» WORK TO BE COMPLETED:
Take the records below from their first line through the line holding "along normal blind 6", and set each of those lines down exactly, without pictures.

Stored data:
● ● ● ●

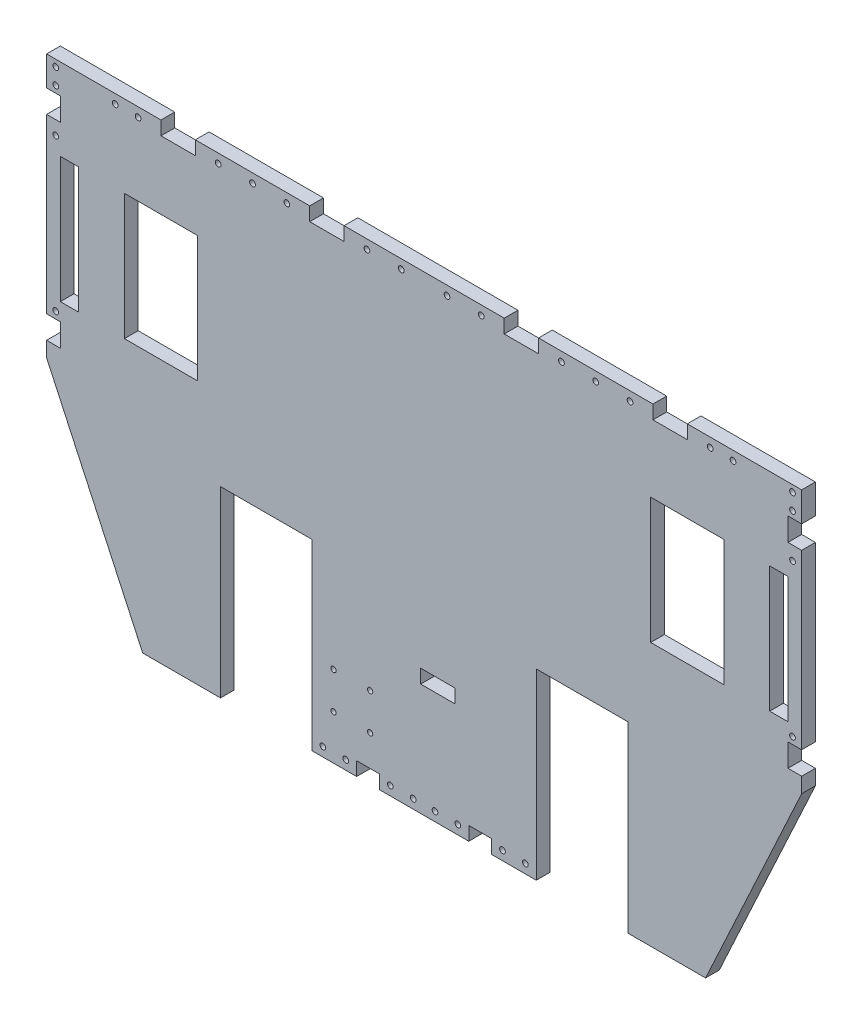
SolidWorks part; units mm, degrees
ref_plane "Plan de face" through (0, 0, 0) normal (0, 0, 1) x (1, 0, 0)
ref_plane "Plan de dessus" through (0, 0, 0) normal (0, 1, 0) x (1, 0, 0)
ref_plane "Plan de droite" through (0, 0, 0) normal (1, 0, 0) x (0, 0, -1)
sketch "Esquisse1" plane through (0, 0, 0) normal (0, 0, 1) x (1, 0, 0)
  line L0 (0, 124.9429) -> (0, -204.46) construction
  line L1 (-165, 96.73) -> (165, 96.73)
  line L2 (165, 96.73) -> (165, -18.27)
  line L3 (165, -18.27) -> (123, -109.0224)
  line L4 (123, -109.0224) -> (-123, -109.0224)
  line L5 (-211.9802, 0) -> (248.5953, 0) construction
  line L6 (-123, -109.0224) -> (-165, -18.27)
  line L7 (-165, -18.27) -> (-165, 96.73)
  line L9 (13.5, -54.0224) -> (-1.5, -54.0224)
  line L10 (13.5, -54.0224) -> (13.5, -60.0224)
  line L11 (13.5, -60.0224) -> (-1.5, -60.0224)
  line L12 (-1.5, -54.0224) -> (-1.5, -60.0224)
  circle A0 centre (-23.6, -89.5224) radius 1.15
  circle A1 centre (-23.6, -73.5224) radius 1.15
  circle A2 centre (-39.6, -89.5224) radius 1.15
  circle A3 centre (-39.6, -73.5224) radius 1.15
  dimension "D15" = 2.3
  dimension "D16" = 2.3
  dimension "D17" = 2.3
  dimension "D18" = 2.3
  dimension "D24" = 83.4
  dimension "D2" = 165
  dimension "D3" = 330
  dimension "D4" = 100
  dimension "D5" = 115
  dimension "D6" = 100
  dimension "D7" = 246
  dimension "D8" = 205.7524
  dimension "D9" = 96.73
  dimension "D10" = 115
  dimension "D11" = 6
  dimension "D12" = 15
  dimension "D13" = 49
  dimension "D14" = 109.5
  dimension "D19" = 19.5
  dimension "D20" = 16
  dimension "D21" = 16
  dimension "D22" = 16
  dimension "D23" = 16
extrude "Boss.-Extru.1" add sketch "Esquisse1" along normal blind 6
sketch "Esquisse2" plane through (0, 0, 6) normal (0, 0, 1) x (1, 0, 0)
  line L0 (-123, -109.0224) -> (123, -109.0224) construction
  line L1 (-159, 60.9776) -> (-151, 60.9776)
  line L2 (-159, 60.9776) -> (-159, 5.9776)
  line L3 (-159, 5.9776) -> (-151, 5.9776)
  line L4 (-151, 60.9776) -> (-151, 5.9776)
  line L5 (-131, 60.9776) -> (-99, 60.9776)
  line L6 (-131, 60.9776) -> (-131, 5.9776)
  line L7 (-131, 5.9776) -> (-99, 5.9776)
  line L8 (-99, 60.9776) -> (-99, 5.9776)
  line L9 (0, 145.0258) -> (0, -189.2208) construction
  line L10 (99, 60.9776) -> (99, 5.9776)
  line L11 (131, 5.9776) -> (99, 5.9776)
  line L12 (131, 60.9776) -> (131, 5.9776)
  line L13 (131, 60.9776) -> (99, 60.9776)
  line L14 (151, 60.9776) -> (151, 5.9776)
  line L15 (159, 5.9776) -> (151, 5.9776)
  line L16 (159, 60.9776) -> (159, 5.9776)
  line L17 (159, 60.9776) -> (151, 60.9776)
  line L19 (89, -109.0224) -> (89, -29.0224)
  line L20 (-49, -109.0224) -> (-89, -109.0224)
  line L21 (-49, -109.0224) -> (-49, -29.0224)
  line L22 (-49, -29.0224) -> (-89, -29.0224)
  line L23 (-89, -109.0224) -> (-89, -29.0224)
  line L24 (49, -29.0224) -> (89, -29.0224)
  line L25 (49, -109.0224) -> (49, -29.0224)
  line L26 (49, -109.0224) -> (89, -109.0224)
  line L27 (-165, 96.73) -> (-165, -18.27) construction
  line L28 (-123, -109.0224) -> (123, -109.0224) construction
  dimension "D2" = 8
  dimension "D3" = 20
  dimension "D4" = 32
  dimension "D5" = 99
  dimension "D6" = 55
  dimension "D7" = 55
  dimension "D8" = 115
  dimension "D9" = 115
  dimension "D10" = 40
  dimension "D11" = 80
  dimension "D12" = 76
  dimension "D13" = 98
  dimension "D14" = 6
  dimension "D15" = 0
extrude "Enlèv. mat.-Extru.1" cut sketch "Esquisse2" against normal blind 6
sketch "Esquisse3" plane through (0, 0, 0) normal (0, 0, -1) x (-1, 0, 0)
  line L0 (165, 96.73) -> (165, -18.27) construction
  line L1 (165, -11.645) -> (159, -11.645)
  line L2 (165, -11.645) -> (165, -1.645)
  line L3 (165, -1.645) -> (159, -1.645)
  line L4 (159, -11.645) -> (159, -1.645)
  line L5 (49, -109.0224) -> (-49, -109.0224) construction
  line L6 (165, 73.8526) -> (159, 73.8526)
  line L7 (165, 73.8526) -> (165, 83.8526)
  line L8 (165, 83.8526) -> (159, 83.8526)
  line L9 (159, 73.8526) -> (159, 83.8526)
  line L10 (29.5, -109.0224) -> (19.5, -109.0224)
  line L11 (29.5, -109.0224) -> (29.5, -103.0224)
  line L12 (29.5, -103.0224) -> (19.5, -103.0224)
  line L13 (19.5, -109.0224) -> (19.5, -103.0224)
  line L14 (49, -109.0224) -> (49, -29.0224) construction
  line L15 (0, -209.4812) -> (0, 177.1799) construction
  line L17 (151, 60.9776) -> (159, 60.9776) construction
  line L18 (-19.5, -109.0224) -> (-19.5, -103.0224)
  line L19 (-29.5, -103.0224) -> (-19.5, -103.0224)
  line L20 (-29.5, -109.0224) -> (-29.5, -103.0224)
  line L21 (-29.5, -109.0224) -> (-19.5, -109.0224)
  line L22 (-159, 73.8526) -> (-159, 83.8526)
  line L23 (-165, 83.8526) -> (-159, 83.8526)
  line L24 (-165, 73.8526) -> (-165, 83.8526)
  line L25 (-165, 73.8526) -> (-159, 73.8526)
  line L26 (-159, -11.645) -> (-159, -1.645)
  line L27 (-165, -1.645) -> (-159, -1.645)
  line L28 (-165, -11.645) -> (-165, -1.645)
  line L29 (-165, -11.645) -> (-159, -11.645)
  line L30 (-165, 96.73) -> (165, 96.73) construction
  line L31 (115, 96.73) -> (100, 96.73)
  line L32 (115, 96.73) -> (115, 90.73)
  line L33 (115, 90.73) -> (100, 90.73)
  line L34 (100, 96.73) -> (100, 90.73)
  line L35 (-35, 96.73) -> (-35, 90.73)
  line L36 (50, 96.73) -> (35, 96.73)
  line L37 (50, 96.73) -> (50, 90.73)
  line L38 (50, 90.73) -> (35, 90.73)
  line L39 (35, 96.73) -> (35, 90.73)
  line L40 (-50, 90.73) -> (-35, 90.73)
  line L41 (-50, 96.73) -> (-50, 90.73)
  line L42 (-50, 96.73) -> (-35, 96.73)
  line L43 (-100, 96.73) -> (-100, 90.73)
  line L44 (-115, 90.73) -> (-100, 90.73)
  line L45 (-115, 96.73) -> (-115, 90.73)
  line L46 (-115, 96.73) -> (-100, 96.73)
  dimension "D1" = 10
  dimension "D2" = 6
  dimension "D3" = 6
  dimension "D4" = 10
  dimension "D5" = 10
  dimension "D6" = 6
  dimension "D7" = 19.5
  dimension "D8" = 6.625
  dimension "D9" = 12.875
  dimension "D10" = 15
  dimension "D11" = 15
  dimension "D12" = 50
  dimension "D13" = 50
  dimension "D14" = 6
extrude "Enlèv. mat.-Extru.2" cut sketch "Esquisse3" against normal blind 6
sketch "Esquisse4" plane through (0, 0, 0) normal (0, 0, -1) x (-1, 0, 0)
  line L0 (159, 73.8526) -> (165, 73.8526) construction
  line L1 (165, 83.8526) -> (159, 83.8526) construction
  line L2 (54.0695, -105.0224) -> (4.75, -105.0224) construction
  line L3 (49, -109.0224) -> (29.5, -109.0224) construction
  line L4 (49, -109.0224) -> (49, -29.0224) construction
  line L5 (19.5, -103.0224) -> (19.5, -109.0224) construction
  line L8 (165, 73.8526) -> (165, -1.645) construction
  line L10 (165, 96.73) -> (165, 83.8526) construction
  line L11 (143.8632, 92.73) -> (10, 92.73) construction
  line L12 (50, 96.73) -> (100, 96.73) construction
  line L13 (115, 90.73) -> (115, 96.73) construction
  line L14 (100, 96.73) -> (100, 90.73) construction
  line L15 (50, 90.73) -> (50, 96.73) construction
  line L16 (35, 96.73) -> (35, 90.73) construction
  line L17 (0, 142.2997) -> (0, -202.2086) construction
  line L18 (-143.8632, 92.73) -> (-10, 92.73) construction
  line L19 (-54.0695, -105.0224) -> (-4.75, -105.0224) construction
  line L21 (165, -1.645) -> (159, -1.645) construction
  circle A0 centre (161, 1.355) radius 1.25
  circle A2 centre (161, 67.8526) radius 1.25
  circle A4 centre (161, 86.8526) radius 1.25
  circle A5 centre (161, 93.8526) radius 1.25
  circle A6 centre (44.25, -105.0224) radius 1.25
  circle A7 centre (14.75, -105.0224) radius 1.25
  circle A8 centre (4.75, -105.0224) radius 1.25
  circle A9 centre (34.2497, -105.0224) radius 1.25
  circle A10 centre (135, 92.73) radius 1.25
  circle A11 centre (125, 92.73) radius 1.25
  circle A12 centre (90, 92.73) radius 1.25
  circle A13 centre (75, 92.73) radius 1.25
  circle A14 centre (60, 92.73) radius 1.25
  circle A15 centre (25, 92.73) radius 1.25
  circle A16 centre (10, 92.73) radius 1.25
  circle A17 centre (-10, 92.73) radius 1.25
  circle A18 centre (-25, 92.73) radius 1.25
  circle A19 centre (-60, 92.73) radius 1.25
  circle A20 centre (-75, 92.73) radius 1.25
  circle A21 centre (-90, 92.73) radius 1.25
  circle A22 centre (-125, 92.73) radius 1.25
  circle A23 centre (-135, 92.73) radius 1.25
  circle A24 centre (-34.2497, -105.0224) radius 1.25
  circle A25 centre (-4.75, -105.0224) radius 1.25
  circle A26 centre (-14.75, -105.0224) radius 1.25
  circle A27 centre (-44.25, -105.0224) radius 1.25
  circle A28 centre (-161, 93.8526) radius 1.25
  circle A29 centre (-161, 86.8526) radius 1.25
  circle A31 centre (-161, 67.8526) radius 1.25
  circle A33 centre (-161, 1.355) radius 1.25
  dimension "D1" = 2.5
  dimension "D2" = 2.5
  dimension "D3" = 2.5
  dimension "D10" = 2.5
  dimension "D11" = 2.5
  dimension "D12" = 2.5
  dimension "D13" = 2.5
  dimension "D14" = 10.0003
  dimension "D18" = 4
  dimension "D19" = 2.5
  dimension "D29" = 2.5
  dimension "D30" = 2.5
  dimension "D31" = 2.5
  dimension "D32" = 2.5
  dimension "D33" = 2.5
  dimension "D34" = 2.5
  dimension "D35" = 2.5
  dimension "D40" = 10
  dimension "D5" = 3
  dimension "D6" = 6
  dimension "D7" = 3
  dimension "D8" = 7
  dimension "D9" = 4
  dimension "D15" = 4.75
  dimension "D16" = 10
  dimension "D17" = 4.75
  dimension "D24" = 4
  dimension "D25" = 4
  dimension "D26" = 4
  dimension "D28" = 4
  dimension "D36" = 10
  dimension "D37" = 10
  dimension "D38" = 10
  dimension "D39" = 15
  dimension "D41" = 15
  dimension "D42" = 10
extrude "Enlèv. mat.-Extru.3" cut sketch "Esquisse4" against normal blind 6

● ● ● ●

» ANSWER SECTION:
SolidWorks part; units mm, degrees
ref_plane "Plan de face" through (0, 0, 0) normal (0, 0, 1) x (1, 0, 0)
ref_plane "Plan de dessus" through (0, 0, 0) normal (0, 1, 0) x (1, 0, 0)
ref_plane "Plan de droite" through (0, 0, 0) normal (1, 0, 0) x (0, 0, -1)
sketch "Esquisse1" plane through (0, 0, 0) normal (0, 0, 1) x (1, 0, 0)
  line L0 (0, 124.9429) -> (0, -204.46) construction
  line L1 (-165, 96.73) -> (165, 96.73)
  line L2 (165, 96.73) -> (165, -18.27)
  line L3 (165, -18.27) -> (123, -109.0224)
  line L4 (123, -109.0224) -> (-123, -109.0224)
  line L5 (-211.9802, 0) -> (248.5953, 0) construction
  line L6 (-123, -109.0224) -> (-165, -18.27)
  line L7 (-165, -18.27) -> (-165, 96.73)
  line L9 (13.5, -54.0224) -> (-1.5, -54.0224)
  line L10 (13.5, -54.0224) -> (13.5, -60.0224)
  line L11 (13.5, -60.0224) -> (-1.5, -60.0224)
  line L12 (-1.5, -54.0224) -> (-1.5, -60.0224)
  circle A0 centre (-23.6, -89.5224) radius 1.15
  circle A1 centre (-23.6, -73.5224) radius 1.15
  circle A2 centre (-39.6, -89.5224) radius 1.15
  circle A3 centre (-39.6, -73.5224) radius 1.15
  dimension "D15" = 2.3
  dimension "D16" = 2.3
  dimension "D17" = 2.3
  dimension "D18" = 2.3
  dimension "D24" = 83.4
  dimension "D2" = 165
  dimension "D3" = 330
  dimension "D4" = 100
  dimension "D5" = 115
  dimension "D6" = 100
  dimension "D7" = 246
  dimension "D8" = 205.7524
  dimension "D9" = 96.73
  dimension "D10" = 115
  dimension "D11" = 6
  dimension "D12" = 15
  dimension "D13" = 49
  dimension "D14" = 109.5
  dimension "D19" = 19.5
  dimension "D20" = 16
  dimension "D21" = 16
  dimension "D22" = 16
  dimension "D23" = 16
extrude "Boss.-Extru.1" add sketch "Esquisse1" along normal blind 6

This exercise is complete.